▶ Exercise: Within the material below, how many lines contain the word "boolean"? Give that number only.

▶ Entries shown:

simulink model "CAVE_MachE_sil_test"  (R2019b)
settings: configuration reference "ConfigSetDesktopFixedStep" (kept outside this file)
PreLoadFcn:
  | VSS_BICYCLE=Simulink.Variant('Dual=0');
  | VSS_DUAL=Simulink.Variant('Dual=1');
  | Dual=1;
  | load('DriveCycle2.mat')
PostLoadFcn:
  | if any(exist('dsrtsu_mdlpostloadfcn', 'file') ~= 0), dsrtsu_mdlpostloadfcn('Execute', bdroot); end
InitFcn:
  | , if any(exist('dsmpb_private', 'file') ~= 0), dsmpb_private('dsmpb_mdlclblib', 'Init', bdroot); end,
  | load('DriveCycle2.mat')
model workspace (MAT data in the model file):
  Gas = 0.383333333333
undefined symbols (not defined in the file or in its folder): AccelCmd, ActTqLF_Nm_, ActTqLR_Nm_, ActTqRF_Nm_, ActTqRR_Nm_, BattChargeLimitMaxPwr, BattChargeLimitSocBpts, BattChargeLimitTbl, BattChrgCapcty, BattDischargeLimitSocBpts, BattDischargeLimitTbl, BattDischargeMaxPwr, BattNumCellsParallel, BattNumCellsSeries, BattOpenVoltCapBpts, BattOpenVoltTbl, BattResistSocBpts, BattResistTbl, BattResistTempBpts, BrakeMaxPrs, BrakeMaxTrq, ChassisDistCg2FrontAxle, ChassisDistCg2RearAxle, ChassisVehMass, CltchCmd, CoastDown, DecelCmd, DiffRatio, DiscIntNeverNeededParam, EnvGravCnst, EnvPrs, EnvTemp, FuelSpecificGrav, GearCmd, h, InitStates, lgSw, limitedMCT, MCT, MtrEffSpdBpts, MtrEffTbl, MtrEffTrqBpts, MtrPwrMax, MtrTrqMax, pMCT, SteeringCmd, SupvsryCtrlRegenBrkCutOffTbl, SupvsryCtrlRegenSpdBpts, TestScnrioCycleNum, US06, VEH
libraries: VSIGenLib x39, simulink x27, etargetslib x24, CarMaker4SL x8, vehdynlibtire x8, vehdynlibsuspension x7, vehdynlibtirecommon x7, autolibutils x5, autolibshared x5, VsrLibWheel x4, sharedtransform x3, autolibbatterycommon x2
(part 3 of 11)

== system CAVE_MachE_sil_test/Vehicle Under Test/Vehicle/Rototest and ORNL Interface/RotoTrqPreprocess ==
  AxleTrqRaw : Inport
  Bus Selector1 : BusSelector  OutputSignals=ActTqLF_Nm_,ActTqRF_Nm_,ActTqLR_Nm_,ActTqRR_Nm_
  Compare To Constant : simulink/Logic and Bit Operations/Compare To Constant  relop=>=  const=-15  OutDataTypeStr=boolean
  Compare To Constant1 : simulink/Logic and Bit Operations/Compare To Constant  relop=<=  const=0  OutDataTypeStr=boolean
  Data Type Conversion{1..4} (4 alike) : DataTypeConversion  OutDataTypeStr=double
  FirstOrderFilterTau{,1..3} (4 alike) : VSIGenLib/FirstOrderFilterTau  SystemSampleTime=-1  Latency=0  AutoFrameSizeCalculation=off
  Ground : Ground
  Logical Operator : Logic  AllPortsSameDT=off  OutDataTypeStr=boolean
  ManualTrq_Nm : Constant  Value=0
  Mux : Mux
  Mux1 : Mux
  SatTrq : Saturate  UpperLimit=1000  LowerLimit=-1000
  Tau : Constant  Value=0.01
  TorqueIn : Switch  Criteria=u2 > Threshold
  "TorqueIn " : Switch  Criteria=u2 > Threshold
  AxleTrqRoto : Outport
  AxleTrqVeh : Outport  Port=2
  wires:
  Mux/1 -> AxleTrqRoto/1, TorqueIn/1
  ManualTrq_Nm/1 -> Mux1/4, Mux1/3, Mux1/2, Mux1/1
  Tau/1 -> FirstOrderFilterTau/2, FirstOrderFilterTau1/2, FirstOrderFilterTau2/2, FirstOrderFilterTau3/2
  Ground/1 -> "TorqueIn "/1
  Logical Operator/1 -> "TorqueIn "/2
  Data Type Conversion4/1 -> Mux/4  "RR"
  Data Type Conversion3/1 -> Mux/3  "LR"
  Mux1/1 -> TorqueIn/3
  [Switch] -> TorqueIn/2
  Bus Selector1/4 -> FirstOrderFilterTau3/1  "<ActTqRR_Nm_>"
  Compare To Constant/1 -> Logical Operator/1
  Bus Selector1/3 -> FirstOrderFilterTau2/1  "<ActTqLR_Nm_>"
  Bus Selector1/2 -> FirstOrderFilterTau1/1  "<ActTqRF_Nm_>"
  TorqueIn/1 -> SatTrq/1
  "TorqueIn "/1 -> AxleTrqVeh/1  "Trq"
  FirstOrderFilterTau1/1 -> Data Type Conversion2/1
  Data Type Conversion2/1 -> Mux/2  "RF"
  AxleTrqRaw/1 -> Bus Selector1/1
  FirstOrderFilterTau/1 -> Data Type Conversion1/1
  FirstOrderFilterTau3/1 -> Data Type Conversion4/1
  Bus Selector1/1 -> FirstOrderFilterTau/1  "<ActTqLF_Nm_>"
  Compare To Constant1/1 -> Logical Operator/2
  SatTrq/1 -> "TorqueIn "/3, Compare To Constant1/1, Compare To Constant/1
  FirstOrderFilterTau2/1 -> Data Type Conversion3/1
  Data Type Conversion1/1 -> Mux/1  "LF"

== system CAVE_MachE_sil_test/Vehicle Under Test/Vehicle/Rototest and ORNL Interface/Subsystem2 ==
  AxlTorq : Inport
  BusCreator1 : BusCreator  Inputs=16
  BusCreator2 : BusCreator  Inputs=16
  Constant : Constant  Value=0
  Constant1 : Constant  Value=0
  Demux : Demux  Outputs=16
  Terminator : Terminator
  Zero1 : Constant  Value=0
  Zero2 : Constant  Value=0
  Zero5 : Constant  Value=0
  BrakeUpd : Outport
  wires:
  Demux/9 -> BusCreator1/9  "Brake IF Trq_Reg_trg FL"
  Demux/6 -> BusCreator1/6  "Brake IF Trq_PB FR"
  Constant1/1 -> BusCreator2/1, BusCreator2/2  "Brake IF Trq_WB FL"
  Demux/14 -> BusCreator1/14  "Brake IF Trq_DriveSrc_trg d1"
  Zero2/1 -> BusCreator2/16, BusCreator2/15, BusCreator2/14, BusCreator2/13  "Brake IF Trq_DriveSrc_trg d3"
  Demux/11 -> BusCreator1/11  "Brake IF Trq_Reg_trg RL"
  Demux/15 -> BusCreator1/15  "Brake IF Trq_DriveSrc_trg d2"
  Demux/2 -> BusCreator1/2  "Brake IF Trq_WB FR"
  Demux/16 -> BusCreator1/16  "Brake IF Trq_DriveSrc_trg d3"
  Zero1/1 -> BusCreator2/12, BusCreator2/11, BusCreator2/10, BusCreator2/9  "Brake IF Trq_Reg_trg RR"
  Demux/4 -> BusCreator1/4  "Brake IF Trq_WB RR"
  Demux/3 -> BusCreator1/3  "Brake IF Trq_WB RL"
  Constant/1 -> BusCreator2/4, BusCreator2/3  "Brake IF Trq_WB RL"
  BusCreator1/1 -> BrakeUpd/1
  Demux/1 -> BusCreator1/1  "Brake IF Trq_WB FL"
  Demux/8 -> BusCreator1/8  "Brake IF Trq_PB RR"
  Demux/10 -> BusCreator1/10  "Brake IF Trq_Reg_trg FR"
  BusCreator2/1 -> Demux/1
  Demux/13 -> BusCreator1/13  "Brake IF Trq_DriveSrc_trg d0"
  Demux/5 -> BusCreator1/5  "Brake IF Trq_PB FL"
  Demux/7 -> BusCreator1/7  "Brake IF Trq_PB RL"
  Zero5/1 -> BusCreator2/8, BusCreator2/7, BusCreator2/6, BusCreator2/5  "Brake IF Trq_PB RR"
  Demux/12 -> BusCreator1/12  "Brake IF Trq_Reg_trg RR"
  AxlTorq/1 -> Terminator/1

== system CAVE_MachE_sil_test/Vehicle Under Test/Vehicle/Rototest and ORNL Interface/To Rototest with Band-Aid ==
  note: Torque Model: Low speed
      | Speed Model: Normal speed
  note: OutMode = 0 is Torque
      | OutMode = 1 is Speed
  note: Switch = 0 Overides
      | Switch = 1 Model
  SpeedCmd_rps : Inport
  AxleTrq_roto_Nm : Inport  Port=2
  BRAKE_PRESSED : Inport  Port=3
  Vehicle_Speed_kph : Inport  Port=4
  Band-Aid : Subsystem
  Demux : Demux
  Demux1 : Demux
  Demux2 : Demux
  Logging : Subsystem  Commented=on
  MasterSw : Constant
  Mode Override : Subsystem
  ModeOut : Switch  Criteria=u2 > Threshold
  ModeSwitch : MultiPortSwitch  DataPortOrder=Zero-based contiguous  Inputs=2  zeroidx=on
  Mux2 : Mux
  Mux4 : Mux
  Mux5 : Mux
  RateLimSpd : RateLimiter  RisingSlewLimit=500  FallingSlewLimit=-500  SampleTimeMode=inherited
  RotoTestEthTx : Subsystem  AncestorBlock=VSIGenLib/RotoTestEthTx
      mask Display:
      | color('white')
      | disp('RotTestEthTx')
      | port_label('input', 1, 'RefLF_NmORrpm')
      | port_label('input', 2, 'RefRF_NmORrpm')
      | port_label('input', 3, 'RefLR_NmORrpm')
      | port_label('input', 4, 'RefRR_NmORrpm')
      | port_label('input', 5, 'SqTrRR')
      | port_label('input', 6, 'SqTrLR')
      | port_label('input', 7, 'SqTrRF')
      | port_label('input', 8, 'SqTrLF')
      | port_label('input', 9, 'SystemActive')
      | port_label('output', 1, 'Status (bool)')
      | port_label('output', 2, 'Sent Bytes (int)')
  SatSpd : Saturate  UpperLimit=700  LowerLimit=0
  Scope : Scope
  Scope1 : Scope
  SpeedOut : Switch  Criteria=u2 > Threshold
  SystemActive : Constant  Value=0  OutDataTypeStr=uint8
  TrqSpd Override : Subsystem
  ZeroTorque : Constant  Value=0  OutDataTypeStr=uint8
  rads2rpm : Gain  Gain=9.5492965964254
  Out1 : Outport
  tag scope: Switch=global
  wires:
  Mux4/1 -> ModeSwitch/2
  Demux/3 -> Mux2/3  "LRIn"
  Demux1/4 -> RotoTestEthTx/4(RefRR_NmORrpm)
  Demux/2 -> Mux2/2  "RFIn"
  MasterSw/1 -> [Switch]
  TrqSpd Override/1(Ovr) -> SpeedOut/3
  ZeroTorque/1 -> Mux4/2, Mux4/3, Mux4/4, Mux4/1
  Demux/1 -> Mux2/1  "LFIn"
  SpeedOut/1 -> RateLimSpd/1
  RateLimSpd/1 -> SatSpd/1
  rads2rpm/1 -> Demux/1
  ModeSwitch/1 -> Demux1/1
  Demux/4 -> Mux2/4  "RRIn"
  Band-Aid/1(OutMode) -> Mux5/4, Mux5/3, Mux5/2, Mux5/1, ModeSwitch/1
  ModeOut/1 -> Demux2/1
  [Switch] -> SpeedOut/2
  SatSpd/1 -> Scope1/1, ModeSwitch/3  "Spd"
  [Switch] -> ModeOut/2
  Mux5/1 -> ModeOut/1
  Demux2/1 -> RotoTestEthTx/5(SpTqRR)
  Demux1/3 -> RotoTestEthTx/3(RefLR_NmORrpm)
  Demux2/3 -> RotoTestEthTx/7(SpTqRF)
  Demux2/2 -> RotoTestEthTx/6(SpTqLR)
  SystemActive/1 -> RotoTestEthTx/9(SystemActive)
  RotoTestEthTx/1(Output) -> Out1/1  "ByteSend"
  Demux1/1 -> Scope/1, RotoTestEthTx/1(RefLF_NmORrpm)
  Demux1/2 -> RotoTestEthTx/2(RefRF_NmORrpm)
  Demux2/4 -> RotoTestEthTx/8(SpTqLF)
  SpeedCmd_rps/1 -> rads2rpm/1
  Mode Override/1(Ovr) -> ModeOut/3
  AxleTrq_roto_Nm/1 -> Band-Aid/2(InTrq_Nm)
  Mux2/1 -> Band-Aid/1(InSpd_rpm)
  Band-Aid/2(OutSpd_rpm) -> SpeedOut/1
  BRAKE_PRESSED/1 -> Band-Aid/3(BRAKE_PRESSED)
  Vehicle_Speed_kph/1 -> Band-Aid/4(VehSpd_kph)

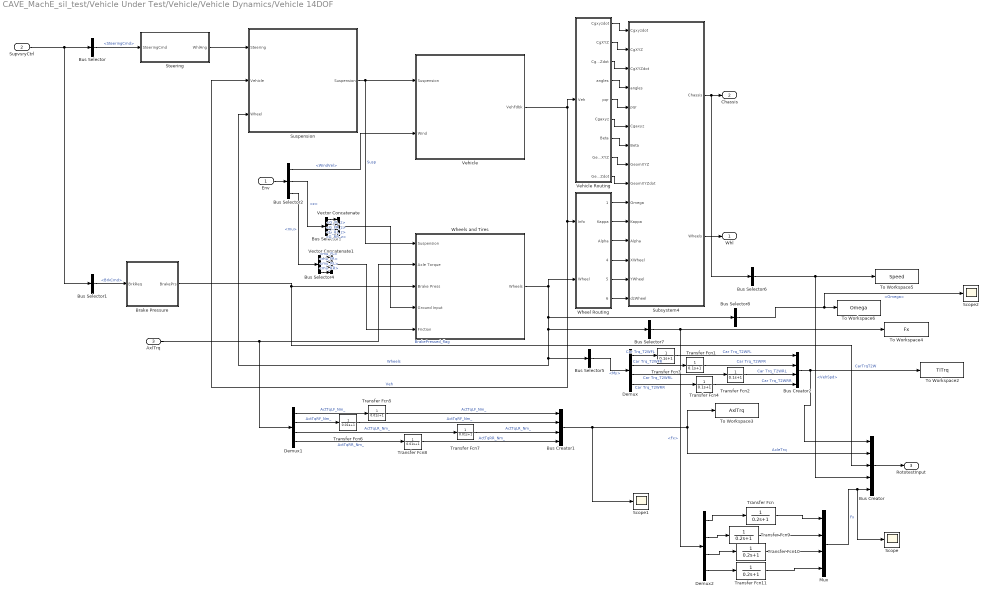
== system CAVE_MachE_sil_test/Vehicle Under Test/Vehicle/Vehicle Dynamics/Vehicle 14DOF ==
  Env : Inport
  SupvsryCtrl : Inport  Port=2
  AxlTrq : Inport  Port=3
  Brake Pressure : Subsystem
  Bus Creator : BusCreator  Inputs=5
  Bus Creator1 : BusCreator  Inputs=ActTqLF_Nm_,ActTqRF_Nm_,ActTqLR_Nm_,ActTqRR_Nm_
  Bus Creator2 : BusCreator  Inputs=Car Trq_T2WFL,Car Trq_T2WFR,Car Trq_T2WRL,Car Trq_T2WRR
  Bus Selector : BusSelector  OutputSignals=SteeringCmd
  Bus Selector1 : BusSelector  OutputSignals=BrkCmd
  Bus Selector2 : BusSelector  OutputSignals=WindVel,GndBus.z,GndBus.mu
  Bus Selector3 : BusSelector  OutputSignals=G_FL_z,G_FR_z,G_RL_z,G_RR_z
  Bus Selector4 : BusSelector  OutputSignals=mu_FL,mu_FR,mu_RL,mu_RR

▶ Exercise output: 3